Wherever the string "import" appears in the records, return the line that holds it.

Extracted records:
[Start of Attachment]

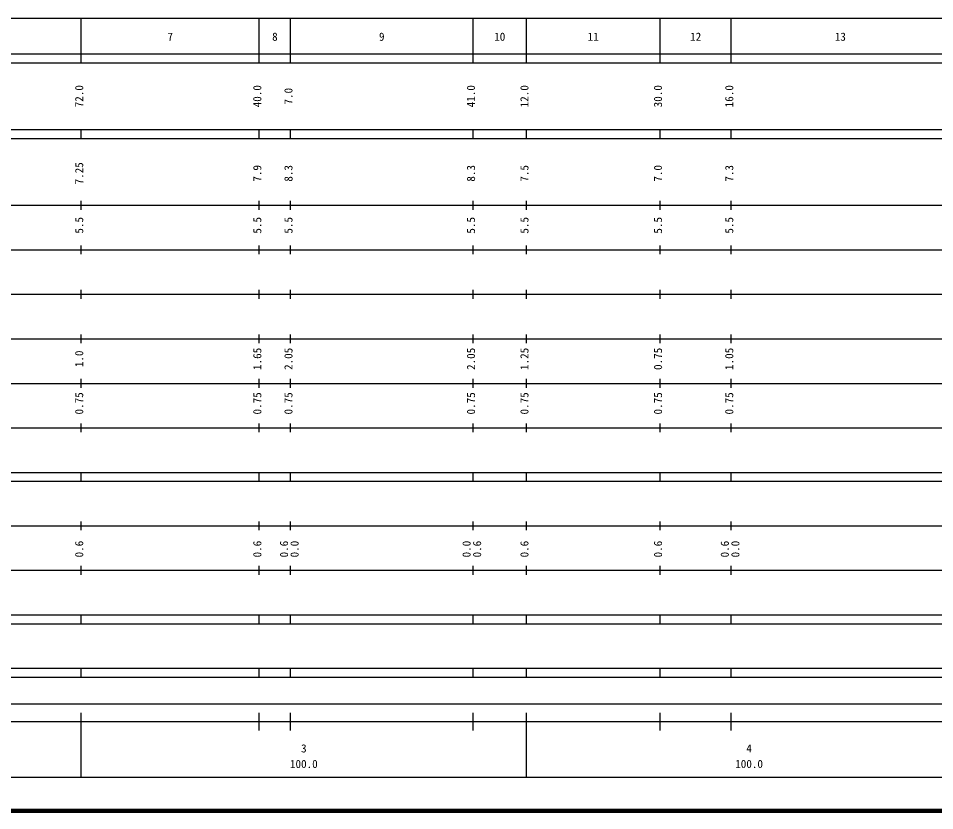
# Model space of a CAD drawing. Units: millimetres on the paper, enlarged 1000 times. Extents: x 40000 to 680000, y 20000 to 380000.
# Drawn here: x 253872 to 459683, y 20000 to 198000 of the extents above; entities that cross this region are included whole.
import ezdxf
from ezdxf.enums import TextEntityAlignment as Align

# ---------------------------------------------------------------- set-up
doc = ezdxf.new("R2010")
doc.units = ezdxf.units.MM
doc.header["$LTSCALE"] = 1000
doc.layers.add('M-TTL', color=2, linetype='Continuous', lineweight=140)
doc.layers.add('M-TTL-BAND', color=7, linetype='Continuous', lineweight=25)
doc.styles.add('ＭＳ ゴシック', font='')
doc.styles.get('ＭＳ ゴシック').set_extended_font_data('MS Gothic')

msp = doc.modelspace()

# ---------------------------------------------------------------- linework, layer by layer
at = {"layer": 'M-TTL'}
msp.add_line((40000, 20000), (680000, 20000), dxfattribs=at)
at = {"layer": 'M-TTL-BAND'}
for p, q in [((68000, 198000), (579000, 198000)), ((268000, 188000), (268000, 198000)), ((308000, 188000), (308000, 198000)), ((315000, 188000), (315000, 198000)), ((356000, 188000), (356000, 198000)), ((368000, 188000), (368000, 198000)), ((398000, 188000), (398000, 198000)), ((414000, 188000), (414000, 198000)), ((40000, 190000), (579000, 190000)), ((40000, 188000), (579000, 188000)), ((40000, 173000), (579000, 173000)), ((268000, 171000), (268000, 173000)), ((308000, 171000), (308000, 173000)), ((315000, 171000), (315000, 173000)), ((356000, 171000), (356000, 173000)), ((368000, 171000), (368000, 173000)), ((398000, 171000), (398000, 173000)), ((414000, 171000), (414000, 173000)), ((40000, 171000), (579000, 171000)), ((268000, 155000), (268000, 157000)), ((308000, 155000), (308000, 157000)), ((315000, 155000), (315000, 157000)), ((356000, 155000), (356000, 157000)), ((368000, 155000), (368000, 157000)), ((398000, 155000), (398000, 157000)), ((414000, 155000), (414000, 157000)), ((40000, 156000), (579000, 156000)), ((268000, 145000), (268000, 147000)), ((308000, 145000), (308000, 147000)), ((315000, 145000), (315000, 147000)), ((356000, 145000), (356000, 147000)), ((368000, 145000), (368000, 147000)), ((398000, 145000), (398000, 147000)), ((414000, 145000), (414000, 147000)), ((46000, 146000), (579000, 146000)), ((52000, 136000), (579000, 136000)), ((268000, 135000), (268000, 137000)), ((308000, 135000), (308000, 137000)), ((315000, 135000), (315000, 137000)), ((356000, 135000), (356000, 137000)), ((368000, 135000), (368000, 137000)), ((398000, 135000), (398000, 137000)), ((414000, 135000), (414000, 137000)), ((46000, 126000), (579000, 126000)), ((268000, 125000), (268000, 127000)), ((308000, 125000), (308000, 127000)), ((315000, 125000), (315000, 127000)), ((356000, 125000), (356000, 127000)), ((368000, 125000), (368000, 127000)), ((398000, 125000), (398000, 127000)), ((414000, 125000), (414000, 127000)), ((52000, 116000), (579000, 116000)), ((268000, 115000), (268000, 117000)), ((308000, 115000), (308000, 117000)), ((315000, 115000), (315000, 117000)), ((356000, 115000), (356000, 117000)), ((368000, 115000), (368000, 117000)), ((398000, 115000), (398000, 117000)), ((414000, 115000), (414000, 117000)), ((46000, 106000), (579000, 106000)), ((268000, 105000), (268000, 107000)), ((308000, 105000), (308000, 107000)), ((315000, 105000), (315000, 107000)), ((356000, 105000), (356000, 107000)), ((368000, 105000), (368000, 107000)), ((398000, 105000), (398000, 107000)), ((414000, 105000), (414000, 107000)), ((40000, 96000), (579000, 96000)), ((268000, 94000), (268000, 96000)), ((308000, 94000), (308000, 96000)), ((315000, 94000), (315000, 96000)), ((356000, 94000), (356000, 96000)), ((368000, 94000), (368000, 96000)), ((398000, 94000), (398000, 96000)), ((414000, 94000), (414000, 96000)), ((40000, 94000), (579000, 94000)), ((268000, 83000), (268000, 85000)), ((308000, 83000), (308000, 85000)), ((315000, 83000), (315000, 85000)), ((356000, 83000), (356000, 85000)), ((368000, 83000), (368000, 85000)), ((398000, 83000), (398000, 85000)), ((414000, 83000), (414000, 85000)), ((49000, 84000), (579000, 84000)), ((268000, 73000), (268000, 75000)), ((308000, 73000), (308000, 75000)), ((315000, 73000), (315000, 75000)), ((356000, 73000), (356000, 75000)), ((368000, 73000), (368000, 75000)), ((398000, 73000), (398000, 75000)), ((414000, 73000), (414000, 75000)), ((40000, 74000), (579000, 74000)), ((40000, 64000), (579000, 64000)), ((268000, 62000), (268000, 64000)), ((308000, 62000), (308000, 64000)), ((315000, 62000), (315000, 64000)), ((356000, 62000), (356000, 64000)), ((368000, 62000), (368000, 64000)), ((398000, 62000), (398000, 64000)), ((414000, 62000), (414000, 64000)), ((40000, 62000), (579000, 62000)), ((40000, 52000), (579000, 52000)), ((268000, 50000), (268000, 52000)), ((308000, 50000), (308000, 52000)), ((315000, 50000), (315000, 52000)), ((356000, 50000), (356000, 52000)), ((368000, 50000), (368000, 52000)), ((398000, 50000), (398000, 52000)), ((414000, 50000), (414000, 52000)), ((40000, 50000), (579000, 50000)), ((71000, 44000), (512500, 44000)), ((268000, 27500), (268000, 42000)), ((308000, 38000), (308000, 42000)), ((315000, 38000), (315000, 42000)), ((356000, 38000), (356000, 42000)), ((368000, 27500), (368000, 42000)), ((398000, 38000), (398000, 42000)), ((414000, 38000), (414000, 42000)), ((40000, 40000), (579000, 40000)), ((68000, 27500), (579000, 27500))]:
    msp.add_line(p, q, dxfattribs=at)

# ---------------------------------------------------------------- texts
at = {"layer": 'M-TTL-BAND', "style": 'ＭＳ ゴシック'}
for s, p in [('7', (288000, 192405)), ('8', (311500, 192405)), ('9', (335500, 192405)), ('10', (362000, 192405)), ('11', (383000, 192405)), ('12', (406000, 192405)), ('13', (438500, 192405)), ('3', (318000, 32523)), ('4', (418000, 32523)), ('100.0', (318000, 29033)), ('100.0', (418000, 29033))]:
    msp.add_text(s, height=1833, dxfattribs=at).set_placement(p, align=Align.BOTTOM_CENTER)
for s, p in [('72.0', (269000, 180500)), ('40.0', (309000, 180500)), ('7.0', (316000, 180500)), ('41.0', (357000, 180500)), ('12.0', (369000, 180500)), ('30.0', (399000, 180500)), ('16.0', (415000, 180500)), ('7.25', (269000, 163174)), ('7.9', (309000, 163174)), ('8.3', (316000, 163174)), ('8.3', (357000, 163174)), ('7.5', (369000, 163174)), ('7.0', (399000, 163174)), ('7.3', (415000, 163174)), ('5.5', (269000, 151500)), ('5.5', (309000, 151500)), ('5.5', (316000, 151500)), ('5.5', (357000, 151500)), ('5.5', (369000, 151500)), ('5.5', (399000, 151500)), ('5.5', (415000, 151500)), ('1.65', (309000, 121500)), ('2.05', (316000, 121500)), ('2.05', (357000, 121500)), ('1.25', (369000, 121500)), ('0.75', (399000, 121500)), ('1.05', (415000, 121500)), ('1.0', (269000, 121500)), ('0.75', (269000, 111500)), ('0.75', (309000, 111500)), ('0.75', (316000, 111500)), ('0.75', (357000, 111500)), ('0.75', (369000, 111500)), ('0.75', (399000, 111500)), ('0.75', (415000, 111500)), ('0.6', (269000, 78764)), ('0.6', (309000, 78764)), ('0.6', (315000, 78764)), ('0.0', (317370, 78764)), ('0.0', (356000, 78764)), ('0.6', (358370, 78764)), ('0.6', (369000, 78764)), ('0.6', (399000, 78764)), ('0.6', (414000, 78764)), ('0.0', (416370, 78764))]:
    msp.add_text(s, height=1833, rotation=90, dxfattribs=at).set_placement(p, align=Align.BOTTOM_CENTER)

doc.saveas('drawing.dxf')
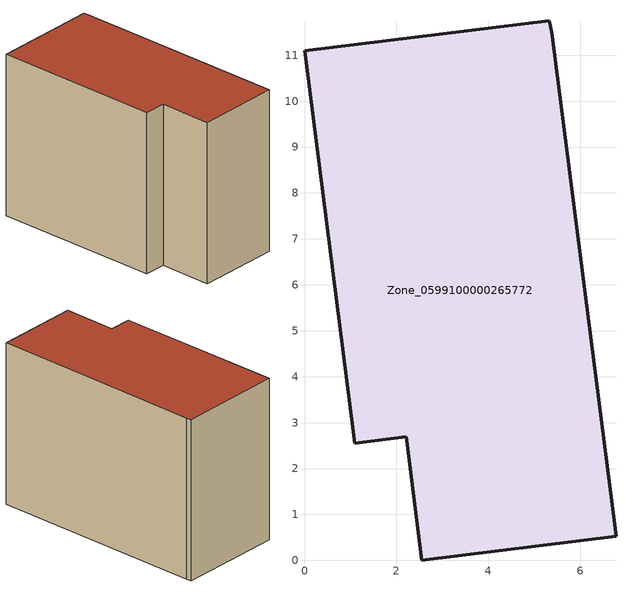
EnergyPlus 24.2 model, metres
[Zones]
Zone_0599100000265772
 floor ground (C_G): 2.22,2.7 1.09,2.55 0,11.1 5.33,11.75 5.38,11.5 6.78,0.53 2.55,0 z0
 wall outside (C_F): 5.33,11.75 0,11.1 1.09,2.55 2.22,2.7 2.55,0 6.78,0.53 5.38,11.5 5.33,11.75 z0:8.38
 roof outside (C_R): 6.78,0.53 5.38,11.5 5.33,11.75 0,11.1 1.09,2.55 2.22,2.7 2.55,0 z8.38
[BUILDING]
Pand.0599100000265772: North Axis=0; Terrain=City; Loads Convergence Tolerance Value=0.04; Temperature Convergence Tolerance Value=0.4; Solar Distribution=FullExterior; Maximum Number of Warmup Days=25; Minimum Number of Warmup Days=1
[Site:Location]
Rotterdam.The.Hague.AP_ZH_NLD Design_Conditions: Latitude=51.96; Longitude=4.45; Time Zone=1; Elevation=-4.5
[SITE:GROUNDTEMPERATURE:BUILDINGSURFACE]
18, 18, 18, 18, 18, 18, 18, 18, 18, 18, 18, 18
[MATERIAL] Thermal Absorptance=0.9; Solar Absorptance=0.7; Visible Absorptance=0.7
Name | Roughness | Thickness | Conductivity | Density | Specific Heat
G.TI.1975-1991 | MediumSmooth | 0.15 | 0.288461 | 540 | 1210
F.TI.1975-1991 | Rough | 0.3 | 0.230769 | 1920 | 840
R.TI.1975-1991 | MediumRough | 0.2 | 0.153846 | 1500 | 1000
[CONSTRUCTION]
C_G: G.TI.1975-1991
C_F: F.TI.1975-1991
C_R: R.TI.1975-1991
[ZONE]
Zone_0599100000265772: Type=1; Multiplier=1; Ceiling Height=Autocalculate; Volume=Autocalculate; Floor Area=autocalculate; Part of Total Floor Area=Yes
[ZONEINFILTRATION:DESIGNFLOWRATE]
Infil_Zone_0599100000265772: Zone or ZoneList or Space or SpaceList=Zone_0599100000265772; Schedule=AlwaysOn; Design Flow Rate Calculation Method=Flow/Area; Flow Rate per Floor Area=0.003; Constant Term Coefficient=1; Temperature Term Coefficient=0; Velocity Term Coefficient=0; Velocity Squared Term Coefficient=0
[HVACTEMPLATE:ZONE:IDEALLOADSAIRSYSTEM]
Zone_0599100000265772: Maximum Heating Supply Air Temperature=50; Minimum Cooling Supply Air Temperature=13; Maximum Heating Supply Air Humidity Ratio=0.0156; Minimum Cooling Supply Air Humidity Ratio=0.0077; Heating Limit=NoLimit; Cooling Limit=NoLimit; Dehumidification Control Type=ConstantSensibleHeatRatio; Cooling Sensible Heat Ratio=0.7; Dehumidification Setpoint=60; Humidification Control Type=None; Humidification Setpoint=30; Outdoor Air Method=None; Outdoor Air Flow Rate per Person=0.00944; Outdoor Air Flow Rate per Zone Floor Area=0; Outdoor Air Flow Rate per Zone=0; Demand Controlled Ventilation Type=None; Outdoor Air Economizer Type=NoEconomizer; Heat Recovery Type=None; Sensible Heat Recovery Effectiveness=0.7; Latent Heat Recovery Effectiveness=0.65
[ZONECONTROL:THERMOSTAT]
ThermostatControl_Zone_0599100000265772: Zone or ZoneList=Zone_0599100000265772; Control Type Schedule=DualSetpointControlType; Control 1=Thermostat_Zone_0599100000265772; Temperature Difference Between Cutout And Setpoint=0
[THERMOSTATSETPOINT:DUALSETPOINT]
Thermostat_Zone_0599100000265772: Heating Setpoint Temperature Schedule=HeatingSetpoint_Zone_0599100000265772; Cooling Setpoint Temperature Schedule=CoolingSetpoint_Zone_0599100000265772
[SCHEDULE:COMPACT]
HeatingSetpoint_Zone_0599100000265772: Through: 12/31, For: AllDays, Until: 24:00, 21
CoolingSetpoint_Zone_0599100000265772: Through: 12/31, For: AllDays, Until: 24:00, 24
DualSetpointControlType: Through: 12/31, For: AllDays, Until: 24:00, 4
AlwaysOn: Through: 12/31, For: AllDays, Until: 24:00, 1

[End of Attachment]

**Output of the task**
import ezdxf
from ezdxf.enums import TextEntityAlignment as Align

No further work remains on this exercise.